しかし優人に与えられたテーマはそれとは少し異なっていた。ひたすら物質を抽出し、網羅的にデータベースを作っていくというもので、成功も失敗もなく今のところただ物質を抽出してデータを出すだけの繰り返しだった。
だから内容は進捗発表というよりも報告で、質疑応答の時間も誰からも手が上がらず、疎外感を感じていたわけだ。
「……俺はさ、別に卒業できればいいって割り切ってるからいいんだけど、お前熱心だからさ」
三隅の心配に、優人は思っていることを素直に言葉にした。
「……それはその……やるからにはちゃんとやりたいだろ」
「まあ、いいんだけどさ。俺が何言おうが、お前言うこと聞いたためしないし」
「……そんなことないだろ」
そう優人が返したときだった。休憩スペースの入口に、ふと人の気配を感じたのは――。
「ふたりとも暇そうだね」
凛とした女子の声が響き、ふとそちらに顔を向ける。
「……立石」
入口の柱から覗いていたのは、同じ学部学科に所属する優人の元カノ――立石ありさだった。
目鼻立ちのくっきりとした化粧っ気のない顔は相変わらずで、研究室配属以降よりも磨きがかかっているように思えた。
彼女は後ろでひとつに束ねた黒髪ポニーテールを揺らし、空いているベンチに颯爽と腰かけた。
「……ふたりとも久しぶり。どう?暇そうに見えるけど、室島研で頑張ってる?」
こうして立石から話しかけられたとき、いつもなら嬉しそうに話すはずの三隅がしょんぼりと答えた。

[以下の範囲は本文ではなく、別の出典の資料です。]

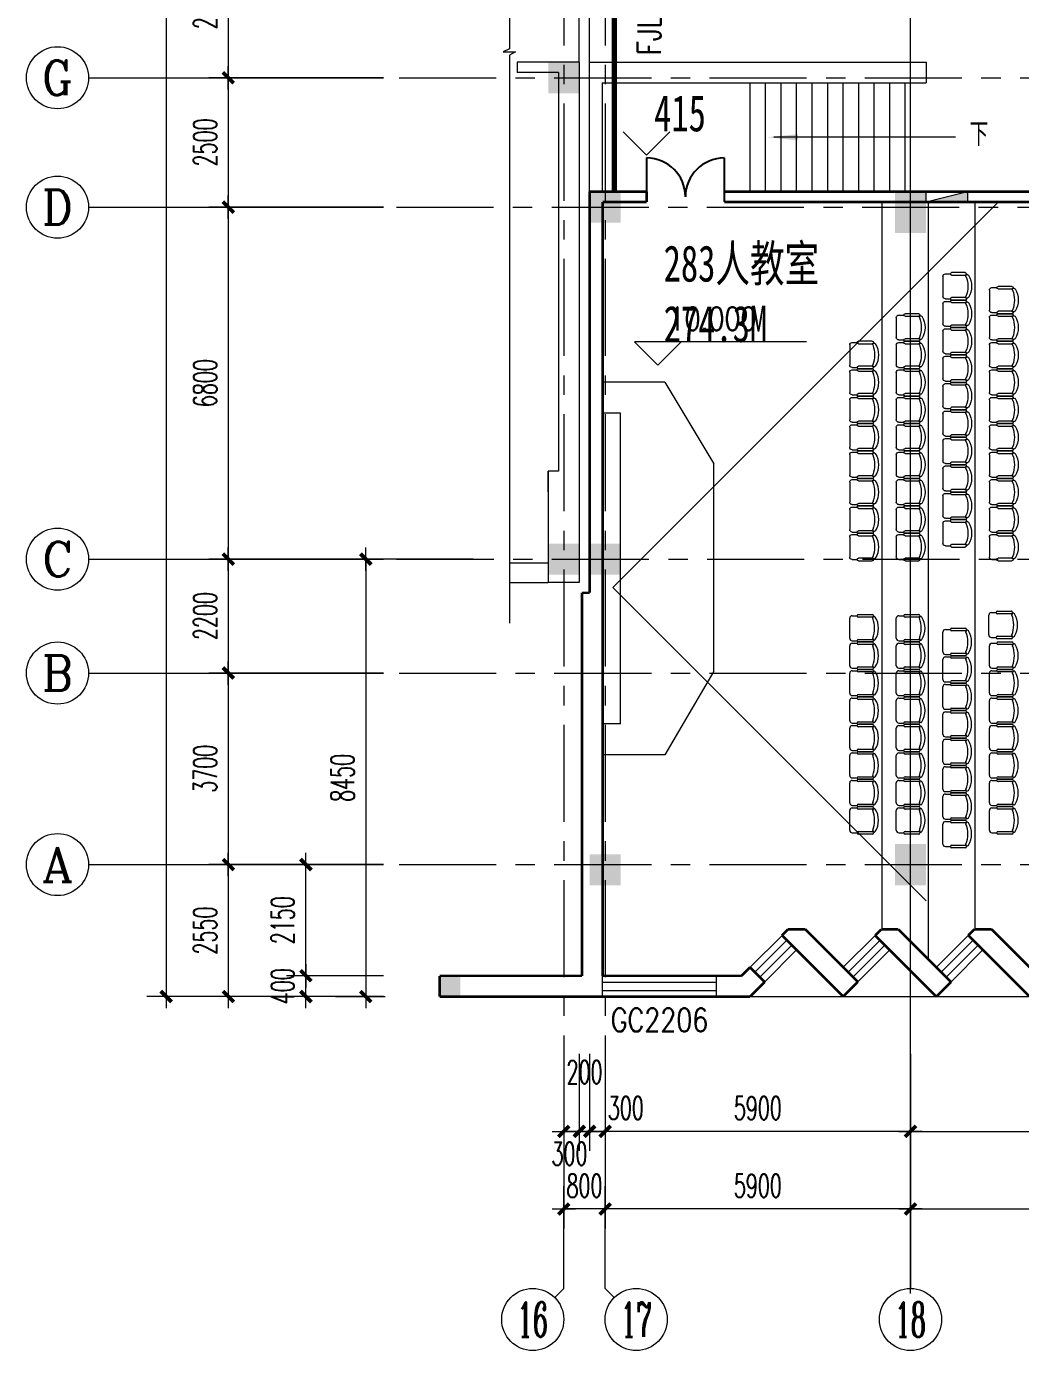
# Model space of a CAD drawing. Extents: x 2719331 to 3465925, y -270324 to -167476.
# Drawn here: x 3205629 to 3224837, y -249505 to -223927 of the extents above; entities that cross this region are included whole.
import ezdxf
from ezdxf.enums import TextEntityAlignment as Align

# ---------------------------------------------------------------- set-up
doc = ezdxf.new("R2010")
doc.units = 0
doc.header["$LTSCALE"] = 1500
doc.header["$MEASUREMENT"] = 0
doc.linetypes.add('CENTER', pattern=[2, 1.25, -0.25, 0.25, -0.25])
doc.linetypes.add('DASH', pattern=[0.35, 0.25, -0.1])
doc.layers.get('0').update_dxf_attribs({"linetype": 'CONTINUOUS', "lineweight": 0})
doc.layers.get('DEFPOINTS').update_dxf_attribs({"linetype": 'CONTINUOUS', "lineweight": 5})
for name, color, linetype, lineweight in [('AXIS', 7, 'CONTINUOUS', 5), ('AXIS_TEXT', 7, 'CONTINUOUS', 5), ('COLUMN', 7, 'CONTINUOUS', 5), ('DOTE', 7, 'CENTER', 5), ('LVTRY', 7, 'CONTINUOUS', 5), ('OTHER', 7, 'CONTINUOUS', 5), ('P-S-TEXT', 7, 'CONTINUOUS', 5), ('PUB_DIM', 250, 'CONTINUOUS', 5), ('STAIR', 7, 'CONTINUOUS', 5), ('WALL', 7, 'CONTINUOUS', 5), ('WINDOW', 7, 'CONTINUOUS', 5), ('WINDOW_TEXT', 7, 'CONTINUOUS', 5), ('我的', 7, 'CONTINUOUS', 5), ('消火栓', 7, 'CONTINUOUS', 5), ('看线', 7, 'CONTINUOUS', 5), ('防火卷帘', 7, 'CONTINUOUS', 5), ('防火卷帘名称', 7, 'CONTINUOUS', 5)]:
    doc.layers.add(name, color=color, linetype=linetype, lineweight=lineweight)
doc.layers.add('地面', color=250, linetype='CONTINUOUS')
doc.styles.add('_SIMPLEX', font='SIMPLEX.shx', dxfattribs={"width": 0.6})
doc.styles.add('COMPLEX', font='COMPLEX')
doc.styles.add('DIM_FONT', font='romans.shx', dxfattribs={"width": 0.6})
doc.styles.add('H1', font='romans.shx', dxfattribs={"width": 1.2, "bigfont": 'hztxt.shx'})
doc.styles.add('HZ4', font='SimSun.ttf', dxfattribs={"width": 0.7, "height": 700})
doc.styles.add('SIMPLEX', font='SIMPLEX.SHX', dxfattribs={"width": 0.6})
doc.styles.get("Standard").update_dxf_attribs({"font": 'SIMHEI.TTF', "height": 1.2})
doc.dimstyles.new('DIMN150', dxfattribs={"dimscale": 1.5, "dimtxt": 300, "dimasz": 1, "dimexe": 250, "dimexo": 300, "dimgap": 150, "dimtad": 1, "dimdec": 0, "dimdsep": 46, "dimtxsty": 'DIM_FONT', "dimblk": '_DIMX', "dimcen": 2.5, "dimdle": 0.3, "dimclrd": 7, "dimclre": 256, "dimclrt": 256, "dimadec": 0, "dimazin": 0, "dimtfac": 1, "dimtdec": 0, "dimtix": 1, "dimtmove": 2, "dimatfit": 3, "dimldrblk": '_DIMX', "dimfxl": 1, "dimtvp": 1, "dimtolj": 1, "dimtzin": 0, "dimlwd": -1, "dimlwe": -1, "dimarcsym": 0})

# ---------------------------------------------------------------- blocks, each defined once
blk = doc.blocks.new('M_C32CXI')
for p, q in [((-188, 275), (87, 275)), ((87, 225), (-188, 225)), ((212, 250), (112, 250)), ((262, 200), (262, -200)), ((-188, -225), (87, -225)), ((212, -250), (112, -250)), ((87, -275), (-188, -275))]:
    blk.add_line(p, q)
for centre, radius, start, end in [((-188, 250), 25, 90, 270), ((87, 250), 25, 270, 90), ((111, 0), 426, 148.1092, 211.8908), ((-227, 210), 28.1, 338.7607, 148.1092), ((314, 0), 552, 158.7607, 201.2393), ((212, 200), 50, 0, 90), ((-227, -210), 28.1, 211.8908, 21.2393), ((-188, -250), 25, 90, 270), ((87, -250), 25, 270, 90), ((212, -200), 50, 270, 0)]:
    blk.add_arc(centre, radius, start, end)
at = {"width": 0.8, "flags": 9}
for tag in ['XSIZE', 'YSIZE']:
    blk.add_attdef(tag, (0, 0), '', height=0.5, dxfattribs=at)
blk = doc.blocks.new('_ARROW')
blk.add_solid([(0, 0), (-1, 0.1), (-1, -0.1)])
blk = doc.blocks.new('_DIMX')
blk.add_line((-150, 0), (150, 0))
at = {"const_width": 50}
blk.add_lwpolyline([(-70, -70), (70, 70)], dxfattribs=at)
blk = doc.blocks.new('*D1902')
at = {"layer": 'DEFPOINTS', "color": 0, "lineweight": 25}
for p in [(3214713, -234217), (3211150, -242667), (3212185, -242667)]:
    blk.add_point(p, dxfattribs=at)
at = {"layer": '我的'}
for p, q in [((3214263, -234217), (3211810, -234217)), ((3211600, -242667), (3212560, -242667))]:
    blk.add_line(p, q, dxfattribs=at)
at = {"layer": '我的', "color": 7}
blk.add_line((3212185, -234219), (3212185, -242666), dxfattribs=at)
at = {"layer": '我的', "color": 7, "xscale": 1.5, "yscale": 1.5, "zscale": 1.5}
for p, rotation in [((3212185, -234217), 90), ((3212185, -242667), 270)]:
    blk.add_blockref('_DIMX', p, dxfattribs=dict(at, rotation=rotation))
at = {"layer": '我的', "lineweight": 0, "insert": (3211735, -238442), "char_height": 450, "attachment_point": 5, "rotation": 90, "style": 'DIM_FONT'}
blk.add_mtext('\\A1;8450', dxfattribs=at)
blk = doc.blocks.new('_FZH')
blk.add_solid([(0.5, -0.5), (-0.5, -0.5), (0.5, 0.5), (-0.5, 0.5)])
blk = doc.blocks.new('_WBLK')
for p, q in [((-0.5, 0.5), (0.5, 0.5)), ((0.5, 0.167), (-0.5, 0.167)), ((0.5, -0.167), (-0.5, -0.167)), ((-0.5, -0.5), (0.5, -0.5))]:
    blk.add_line(p, q)
at = {"layer": 'WINDOW_TEXT', "style": 'SIMPLEX', "flags": 9}
blk.add_attdef('A', text='', height=1, dxfattribs=at).set_placement((0, 1.5), align=Align.MIDDLE)
blk = doc.blocks.new('_GCBLK')
at = {"linetype": 'DASH'}
for p, q in [((-0.5, -0.5), (-0.5, 0.5)), ((0.5, -0.5), (0.5, 0.5)), ((-0.5, 0.2), (0.5, 0.2)), ((-0.5, -0.2), (0.5, -0.2))]:
    blk.add_line(p, q, dxfattribs=at)
at = {"layer": 'WINDOW_TEXT', "style": 'SIMPLEX', "flags": 9}
blk.add_attdef('A', text='', height=1, dxfattribs=at).set_placement((0, 1.5), align=Align.MIDDLE)
blk = doc.blocks.new('_AXISO2')
blk.add_line((0.354, 0.146), (0.5, 0))
blk.add_circle((0, 0.5), 0.5)
at = {"layer": 'AXIS_TEXT', "style": 'COMPLEX', "width": 1.041667}
blk.add_attdef('A', text='', height=0.56, dxfattribs=at).set_placement((-0.25, 0.22), (0.25, 0.22), align=Align.FIT)
blk = doc.blocks.new('_AXISO1')
blk.add_line((0.354, -0.146), (0.5, 0))
blk.add_circle((0, -0.5), 0.5)
at = {"layer": 'AXIS_TEXT', "style": 'COMPLEX', "width": 1.041667}
blk.add_attdef('A', text='', height=0.56, dxfattribs=at).set_placement((-0.25, -0.78), (0.25, -0.78), align=Align.FIT)
blk = doc.blocks.new('_AXISO')
blk.add_circle((0, 0), 0.5)
at = {"layer": 'AXIS_TEXT', "style": 'COMPLEX', "width": 1.041667}
blk.add_attdef('A', text='', height=0.56, dxfattribs=at).set_placement((-0.25, -0.28), (0.25, -0.28), align=Align.FIT)
blk = doc.blocks.new('*D1410')
at = {"layer": 'DEFPOINTS', "color": 0, "lineweight": 25}
for p in [(3216311, -243321), (3216511, -243321), (3216311, -245271)]:
    blk.add_point(p, dxfattribs=at)
at = {"layer": '我的'}
for p, q in [((3216311, -243771), (3216311, -245646)), ((3216511, -243771), (3216511, -245646))]:
    blk.add_line(p, q, dxfattribs=at)
at = {"layer": '我的', "color": 7}
for p, q in [((3216310, -245271), (3216308, -245271)), ((3216511, -245271), (3216311, -245271)), ((3216513, -245271), (3216514, -245271))]:
    blk.add_line(p, q, dxfattribs=at)
at = {"layer": '我的', "color": 7, "xscale": 1.5, "yscale": 1.5, "zscale": 1.5}
for p, rotation in [((3216311, -245271), 5.33620742237223e-10), ((3216511, -245271), 180.0000000005336)]:
    blk.add_blockref('_DIMX', p, dxfattribs=dict(at, rotation=rotation))
at = {"layer": '我的', "lineweight": 0, "insert": (3216413, -244126), "char_height": 450, "attachment_point": 5, "style": 'DIM_FONT'}
blk.add_mtext('\\A1;200', dxfattribs=at)
blk = doc.blocks.new('*D1427')
at = {"layer": 'DEFPOINTS', "color": 0, "lineweight": 25}
for p in [(3216011, -243321), (3216311, -243321), (3216011, -245271)]:
    blk.add_point(p, dxfattribs=at)
at = {"layer": '我的'}
for p, q in [((3216011, -243771), (3216011, -245646)), ((3216311, -243771), (3216311, -245646))]:
    blk.add_line(p, q, dxfattribs=at)
at = {"layer": '我的', "color": 7}
for p, q in [((3216010, -245271), (3216008, -245271)), ((3216311, -245271), (3216011, -245271)), ((3216313, -245271), (3216314, -245271))]:
    blk.add_line(p, q, dxfattribs=at)
at = {"layer": '我的', "color": 7, "xscale": 1.5, "yscale": 1.5, "zscale": 1.5}
for p, rotation in [((3216011, -245271), 3.557132355748797e-10), ((3216311, -245271), 180.0000000003557)]:
    blk.add_blockref('_DIMX', p, dxfattribs=dict(at, rotation=rotation))
at = {"layer": '我的', "lineweight": 0, "insert": (3216121, -245703), "char_height": 450, "attachment_point": 5, "style": 'DIM_FONT'}
blk.add_mtext('\\A1;300', dxfattribs=at)
blk = doc.blocks.new('*D1428')
at = {"layer": 'DEFPOINTS', "color": 0, "lineweight": 25}
for p in [(3216811, -243321), (3222711, -243321), (3216811, -246771)]:
    blk.add_point(p, dxfattribs=at)
at = {"layer": '我的'}
for p, q in [((3216811, -243771), (3216811, -247146)), ((3222711, -243771), (3222711, -247146))]:
    blk.add_line(p, q, dxfattribs=at)
at = {"layer": '我的', "color": 7}
blk.add_line((3222710, -246771), (3216813, -246771), dxfattribs=at)
at = {"layer": '我的', "color": 7, "xscale": 1.5, "yscale": 1.5, "zscale": 1.5, "rotation": 180}
blk.add_blockref('_DIMX', (3216811, -246771), dxfattribs=at)
at = {"layer": '我的', "color": 7, "xscale": 1.5, "yscale": 1.5, "zscale": 1.5}
blk.add_blockref('_DIMX', (3222711, -246771), dxfattribs=at)
at = {"layer": '我的', "lineweight": 0, "insert": (3219761, -246321), "char_height": 450, "attachment_point": 5, "style": 'DIM_FONT'}
blk.add_mtext('\\A1;5900', dxfattribs=at)
blk = doc.blocks.new('*D1429')
at = {"layer": 'DEFPOINTS', "color": 0, "lineweight": 25}
for p in [(3216011, -243321), (3216811, -243321), (3216011, -246771)]:
    blk.add_point(p, dxfattribs=at)
at = {"layer": '我的'}
for p, q in [((3216011, -243771), (3216011, -247146)), ((3216811, -243771), (3216811, -247146))]:
    blk.add_line(p, q, dxfattribs=at)
at = {"layer": '我的', "color": 7}
for p, q in [((3216010, -246771), (3216008, -246771)), ((3216811, -246771), (3216011, -246771)), ((3216813, -246771), (3216814, -246771))]:
    blk.add_line(p, q, dxfattribs=at)
at = {"layer": '我的', "color": 7, "xscale": 1.5, "yscale": 1.5, "zscale": 1.5}
blk.add_blockref('_DIMX', (3216011, -246771), dxfattribs=at)
at = {"layer": '我的', "color": 7, "xscale": 1.5, "yscale": 1.5, "zscale": 1.5, "rotation": 180}
blk.add_blockref('_DIMX', (3216811, -246771), dxfattribs=at)
at = {"layer": '我的', "lineweight": 0, "insert": (3216411, -246321), "char_height": 450, "attachment_point": 5, "style": 'DIM_FONT'}
blk.add_mtext('\\A1;800', dxfattribs=at)
blk = doc.blocks.new('*D1430')
at = {"layer": 'DEFPOINTS', "color": 0, "lineweight": 25}
for p in [(3216511, -243321), (3216811, -243321), (3216811, -245271)]:
    blk.add_point(p, dxfattribs=at)
at = {"layer": '我的'}
for p, q in [((3216511, -243771), (3216511, -245646)), ((3216811, -243771), (3216811, -245646))]:
    blk.add_line(p, q, dxfattribs=at)
at = {"layer": '我的', "color": 7}
for p, q in [((3216510, -245271), (3216508, -245271)), ((3216511, -245271), (3216811, -245271)), ((3216813, -245271), (3216814, -245271))]:
    blk.add_line(p, q, dxfattribs=at)
at = {"layer": '我的', "color": 7, "xscale": 1.5, "yscale": 1.5, "zscale": 1.5}
blk.add_blockref('_DIMX', (3216511, -245271), dxfattribs=at)
at = {"layer": '我的', "color": 7, "xscale": 1.5, "yscale": 1.5, "zscale": 1.5, "rotation": 180}
blk.add_blockref('_DIMX', (3216811, -245271), dxfattribs=at)
at = {"layer": '我的', "lineweight": 0, "insert": (3217210, -244820), "char_height": 450, "attachment_point": 5, "style": 'DIM_FONT'}
blk.add_mtext('\\A1;300', dxfattribs=at)
blk = doc.blocks.new('*D1431')
at = {"layer": 'DEFPOINTS', "color": 0, "lineweight": 25}
for p in [(3216811, -243321), (3222711, -243321), (3216811, -245271)]:
    blk.add_point(p, dxfattribs=at)
at = {"layer": '我的'}
for p, q in [((3216811, -243771), (3216811, -245646)), ((3222711, -243771), (3222711, -245646))]:
    blk.add_line(p, q, dxfattribs=at)
at = {"layer": '我的', "color": 7}
blk.add_line((3222710, -245271), (3216813, -245271), dxfattribs=at)
at = {"layer": '我的', "color": 7, "xscale": 1.5, "yscale": 1.5, "zscale": 1.5}
for p, rotation in [((3216811, -245271), 179.9999999999752), ((3222711, -245271), 359.9999999999752)]:
    blk.add_blockref('_DIMX', p, dxfattribs=dict(at, rotation=rotation))
at = {"layer": '我的', "lineweight": 0, "insert": (3219761, -244821), "char_height": 450, "attachment_point": 5, "style": 'DIM_FONT'}
blk.add_mtext('\\A1;5900', dxfattribs=at)
blk = doc.blocks.new('*D1432')
at = {"layer": 'DEFPOINTS', "color": 0, "lineweight": 25}
for p in [(3222711, -243321), (3229911, -243321), (3229911, -245271)]:
    blk.add_point(p, dxfattribs=at)
at = {"layer": '我的'}
for p, q in [((3222711, -243771), (3222711, -245646)), ((3229911, -243771), (3229911, -245646))]:
    blk.add_line(p, q, dxfattribs=at)
at = {"layer": '我的', "color": 7}
blk.add_line((3222713, -245271), (3229910, -245271), dxfattribs=at)
at = {"layer": '我的', "color": 7, "xscale": 1.5, "yscale": 1.5, "zscale": 1.5, "rotation": 180}
blk.add_blockref('_DIMX', (3222711, -245271), dxfattribs=at)
at = {"layer": '我的', "color": 7, "xscale": 1.5, "yscale": 1.5, "zscale": 1.5}
blk.add_blockref('_DIMX', (3229911, -245271), dxfattribs=at)
at = {"layer": '我的', "lineweight": 0, "insert": (3226311, -244821), "char_height": 450, "attachment_point": 5, "style": 'DIM_FONT'}
blk.add_mtext('\\A1;7200', dxfattribs=at)
blk = doc.blocks.new('*D1433')
at = {"layer": 'DEFPOINTS', "color": 0, "lineweight": 25}
for p in [(3222711, -243321), (3229911, -243321), (3229911, -246771)]:
    blk.add_point(p, dxfattribs=at)
at = {"layer": '我的'}
for p, q in [((3222711, -243771), (3222711, -247146)), ((3229911, -243771), (3229911, -247146))]:
    blk.add_line(p, q, dxfattribs=at)
at = {"layer": '我的', "color": 7}
blk.add_line((3222713, -246771), (3229910, -246771), dxfattribs=at)
at = {"layer": '我的', "color": 7, "xscale": 1.5, "yscale": 1.5, "zscale": 1.5, "rotation": 180}
blk.add_blockref('_DIMX', (3222711, -246771), dxfattribs=at)
at = {"layer": '我的', "color": 7, "xscale": 1.5, "yscale": 1.5, "zscale": 1.5}
blk.add_blockref('_DIMX', (3229911, -246771), dxfattribs=at)
at = {"layer": '我的', "lineweight": 0, "insert": (3226311, -246321), "char_height": 450, "attachment_point": 5, "style": 'DIM_FONT'}
blk.add_mtext('\\A1;7200', dxfattribs=at)
blk = doc.blocks.new('*D1097')
at = {"layer": 'DEFPOINTS', "color": 0, "lineweight": 25}
for p in [(3212979, -222117), (3209529, -224917), (3212979, -224917)]:
    blk.add_point(p, dxfattribs=at)
at = {"layer": '我的'}
for p, q in [((3212529, -222117), (3209154, -222117)), ((3212529, -224917), (3209154, -224917))]:
    blk.add_line(p, q, dxfattribs=at)
at = {"layer": '我的', "color": 7}
blk.add_line((3209529, -222119), (3209529, -224916), dxfattribs=at)
at = {"layer": '我的', "color": 7, "xscale": 1.5, "yscale": 1.5, "zscale": 1.5}
for p, rotation in [((3209529, -222117), 90), ((3209529, -224917), 270)]:
    blk.add_blockref('_DIMX', p, dxfattribs=dict(at, rotation=rotation))
at = {"layer": '我的', "lineweight": 0, "insert": (3209079, -223517), "char_height": 450, "attachment_point": 5, "rotation": 90, "style": 'DIM_FONT'}
blk.add_mtext('\\A1;2800', dxfattribs=at)
blk = doc.blocks.new('*D1098')
at = {"layer": 'DEFPOINTS', "color": 0, "lineweight": 25}
for p in [(3212529, -236417), (3209529, -240117), (3212529, -240117)]:
    blk.add_point(p, dxfattribs=at)
at = {"layer": '我的'}
for p, q in [((3212079, -236417), (3209154, -236417)), ((3212079, -240117), (3209154, -240117))]:
    blk.add_line(p, q, dxfattribs=at)
at = {"layer": '我的', "color": 7}
blk.add_line((3209529, -236419), (3209529, -240116), dxfattribs=at)
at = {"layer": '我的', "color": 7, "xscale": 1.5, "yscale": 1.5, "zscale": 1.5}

「……んなわけないでしょありさちゃん。よく見てよ……この身も心も疲れた感じ」
「うーん……確かに。よく見たらやばいね。優人も大丈夫?」
「…………ああ、まあ」
とりあえずそう返すと、立石ありさはなぜか目を輝かせていった。
「大丈夫じゃないんだ。珍しい!」
「……ありさちゃん、なんで嬉しそうなの……」
そんな三隅の驚きには反応せず、立石は優人に向かって聞いた。
「やっぱり、室島研選んだの意外だなーと思ってたけど、室島先生とばちばちしてる感じ?」
「え……それもわかるの!?」
驚愕する三隅に向かって立石は言う。
「そりゃあ、配属前にゼミの見学会あったし、先輩たちにいろいろゼミの色を聞くでしょ。雰囲気とか、緩さとか大事なところ。……まさか、あんたたち出なかったとか」
「………………」
「うわ、ふたりってそういうところあるよね。まあ、もう配属されちゃったんだし、卒業するしかないでしょ」
実際、そのとおりで反論のしようがなかった。優人が沈黙していると、立石はこう続けた。
「ねえ、思ってることがあるならさ、室島先生に直談判してみれば?」
「……え?」
「ありさちゃん、まじで言ってる?」
「え、マジの大マジだけど。だって黙ってむすーってして不満そうにしてる学生より、ぴーぴー反応を返してくれるわかりやすい学生の方が好きでしょ?室島先生」
そう言われれば、確かにその通りだと思えた。
実際に室島教授がよく飲みに誘っているのは、普段から彼に絡みに行くような積極的な先輩だった。
「……確かに、そうかもな。立石、ありがとう」
優人がお礼を言うと、彼女はふわりと笑った。
「どういたしまして。進捗報告楽しみにしてる」
「…………え、優人、実験サンプル扱いじゃん」
「ふふふっ、じゃあね!」
そう言って立石が去ったあと、優人は意を決して研究室に戻り、扉の奥の個室に室島がいることを確認する。
――いまがチャンスかもしれない。
そう思った優人はすぐに扉をノックすると、返事を待ってからおそるおそる中へと入っていった。